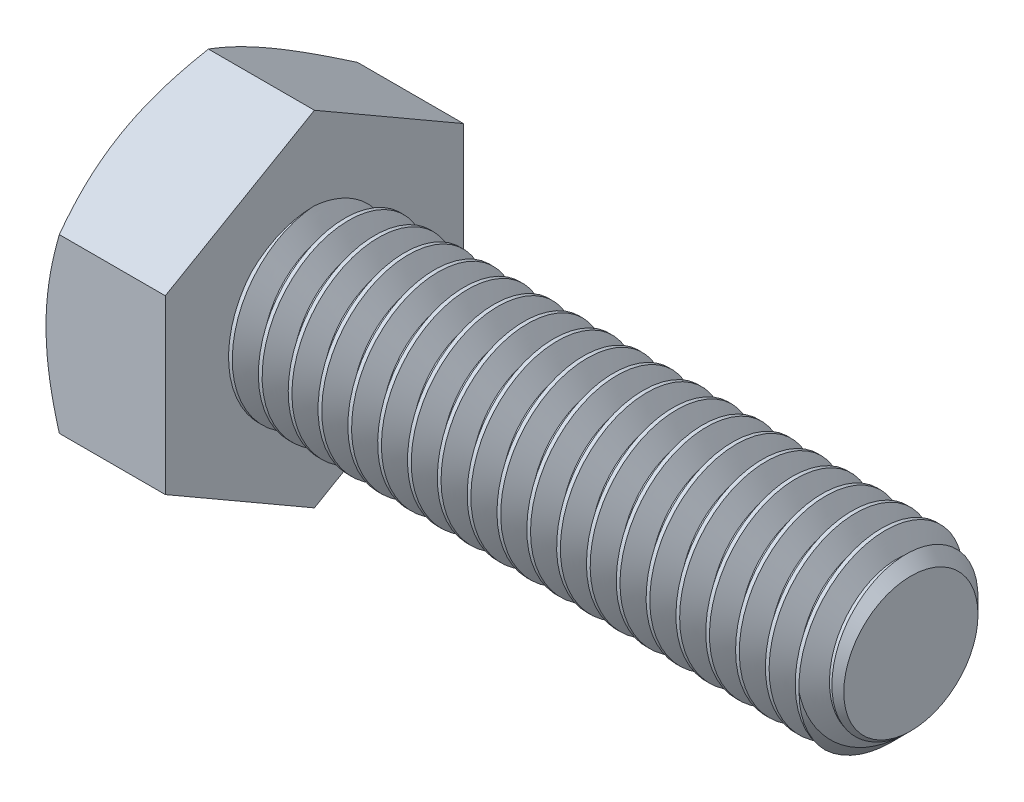
SolidWorks part; units mm, degrees
ref_plane "Front Plane" through (0, 0, 0) normal (0, 0, 1) x (1, 0, 0)
ref_plane "Top Plane" through (0, 0, 0) normal (0, 1, 0) x (1, 0, 0)
ref_plane "Right Plane" through (0, 0, 0) normal (1, 0, 0) x (0, 0, -1)
sketch "Sketch1" plane through (0, 0, 0) normal (0, 0, 1) x (1, 0, 0)
  line L0 (-12, 0) -> (12, 0) construction
  line L1 (-8, 5) -> (-8, -5) construction
  line L2 (-12, 5) -> (-12, -5) construction
  line L3 (12, 3) -> (12, -3) construction
  point P8 (8.5, -3)
  dimension "Thread Dia" = 6
  dimension "Hex" = 10
  dimension "Head Ht" = 4
  dimension "Length" = 20
  dimension "D1" = 3.5
ref_plane "Plane2" through (12, 0, 0) normal (1, 0, 0) x (0, 0, -1)
sketch "Sketch2" plane through (12, 0, 0) normal (1, 0, 0) x (0, 0, -1)
  circle A0 centre (0, 0) radius 3
extrude "Boss-Extrude1" add sketch "Sketch2" against normal up to vertex (20 mm away) up to point (-8, -5, 0)
sketch "Sketch4" plane through (12, 0, 0) normal (1, 0, 0) x (0, 0, -1)
  circle A1 centre (0, 0) radius 3
  circle A2 centre (0, 0) radius 3
  dimension "D1" = 0
curve "Helix/Spiral1" pitch 1 height 21 turns 21 parameters "Pitch"=1
chamfer "Chamfer1" distance 0.75 angle 45 1 edges at (12, 0, -3)
sketch "Sketch5" plane through (0, 0, 0) normal (0, 0, 1) x (1, 0, 0)
  line L0 (12, 3) -> (12.375, 2.3505)
  line L1 (12.375, 2.3505) -> (12.5, 2.3505)
  line L2 (12.5, 2.3505) -> (12.875, 3)
  line L3 (12, 3) -> (12.875, 3)
  line L4 (12.4375, 2.3505) -> (12.4375, 3) construction
  line L5 (12.1875, 2.6752) -> (12.6875, 2.6752) construction
  line L6 (12, -3) -> (12, 3) construction
  dimension "D1" = 60
  dimension "D2" = 0.125
  dimension "D3" = 0.5
sweep "Cut-Sweep1" cut profiles "Sketch5" path "Helix/Spiral1" align with end faces yes
sketch "Sketch3" plane through (-8, 0, 0) normal (-1, 0, 0) x (0, 0, 1)
  line L0 (0, 5) -> (0, -5) construction
  line L1 (-5, -2.8868) -> (0, -5.7735)
  line L2 (0, -5.7735) -> (5, -2.8868)
  line L3 (5, -2.8868) -> (5, 2.8868)
  line L4 (5, 2.8868) -> (0, 5.7735)
  line L5 (0, 5.7735) -> (-5, 2.8868)
  line L6 (-5, 2.8868) -> (-5, -2.8868)
  circle A0 centre (0, 0) radius 5 construction
extrude "Boss-Extrude2" add sketch "Sketch3" along normal up to vertex (4 mm away) up to point (-12, -5, 0)
sketch "Sketch6" plane through (-12, 0, 0) normal (-1, 0, 0) x (0, 0, 1)
  circle A0 centre (0, 0) radius 5 construction
  circle A1 centre (0, 0) radius 5
extrude "Cut-Extrude1" cut sketch "Sketch6" against normal through all draft 60 flip side to cut
sketch "Sketch9" plane through (0, 0, 0) normal (0, 0, 1) x (1, 0, 0)
  line L0 (-8, 3) -> (-8, 0)
  line L1 (-8, 0) -> (-39, 0)
  line L2 (-39, 0) -> (-42, 3)
  line L3 (-42, 3) -> (-8, 3)
  line L4 (-12, 0) -> (12, 0) construction
  line L5 (-8, 5) -> (-8, -5) construction
  line L6 (12, 3) -> (12, -3) construction
  dimension "D1" = 45
  dimension "MinThreadLg" = 54
revolve "Revolve1" [suppressed] add sketch "Sketch9" angle 360 about L1
equation "\"D2@Sketch5\" = \"Pitch@Helix/Spiral1\"*.125"
equation "\"D3@Sketch5\" = \"Pitch@Helix/Spiral1\"*.50"
equation "\"D3@Helix/Spiral1\" = \"Length@Sketch1\"+\"Pitch@Helix/Spiral1\""
equation "\"D1@Chamfer1\" = \"Pitch@Helix/Spiral1\"*.750"
equation "\"D1@Sketch1\" = \"Pitch@Helix/Spiral1\"*3.50"

_____

◆ WHAT TO PRODUCE
Please copy each line from the material above in which the string "through" appears.

◆ RESPONSE TO THIS EXERCISE
ref_plane "Front Plane" through (0, 0, 0) normal (0, 0, 1) x (1, 0, 0)
ref_plane "Top Plane" through (0, 0, 0) normal (0, 1, 0) x (1, 0, 0)
ref_plane "Right Plane" through (0, 0, 0) normal (1, 0, 0) x (0, 0, -1)
sketch "Sketch1" plane through (0, 0, 0) normal (0, 0, 1) x (1, 0, 0)
ref_plane "Plane2" through (12, 0, 0) normal (1, 0, 0) x (0, 0, -1)
sketch "Sketch2" plane through (12, 0, 0) normal (1, 0, 0) x (0, 0, -1)
sketch "Sketch4" plane through (12, 0, 0) normal (1, 0, 0) x (0, 0, -1)
sketch "Sketch5" plane through (0, 0, 0) normal (0, 0, 1) x (1, 0, 0)
sketch "Sketch3" plane through (-8, 0, 0) normal (-1, 0, 0) x (0, 0, 1)
sketch "Sketch6" plane through (-12, 0, 0) normal (-1, 0, 0) x (0, 0, 1)
extrude "Cut-Extrude1" cut sketch "Sketch6" against normal through all draft 60 flip side to cut
sketch "Sketch9" plane through (0, 0, 0) normal (0, 0, 1) x (1, 0, 0)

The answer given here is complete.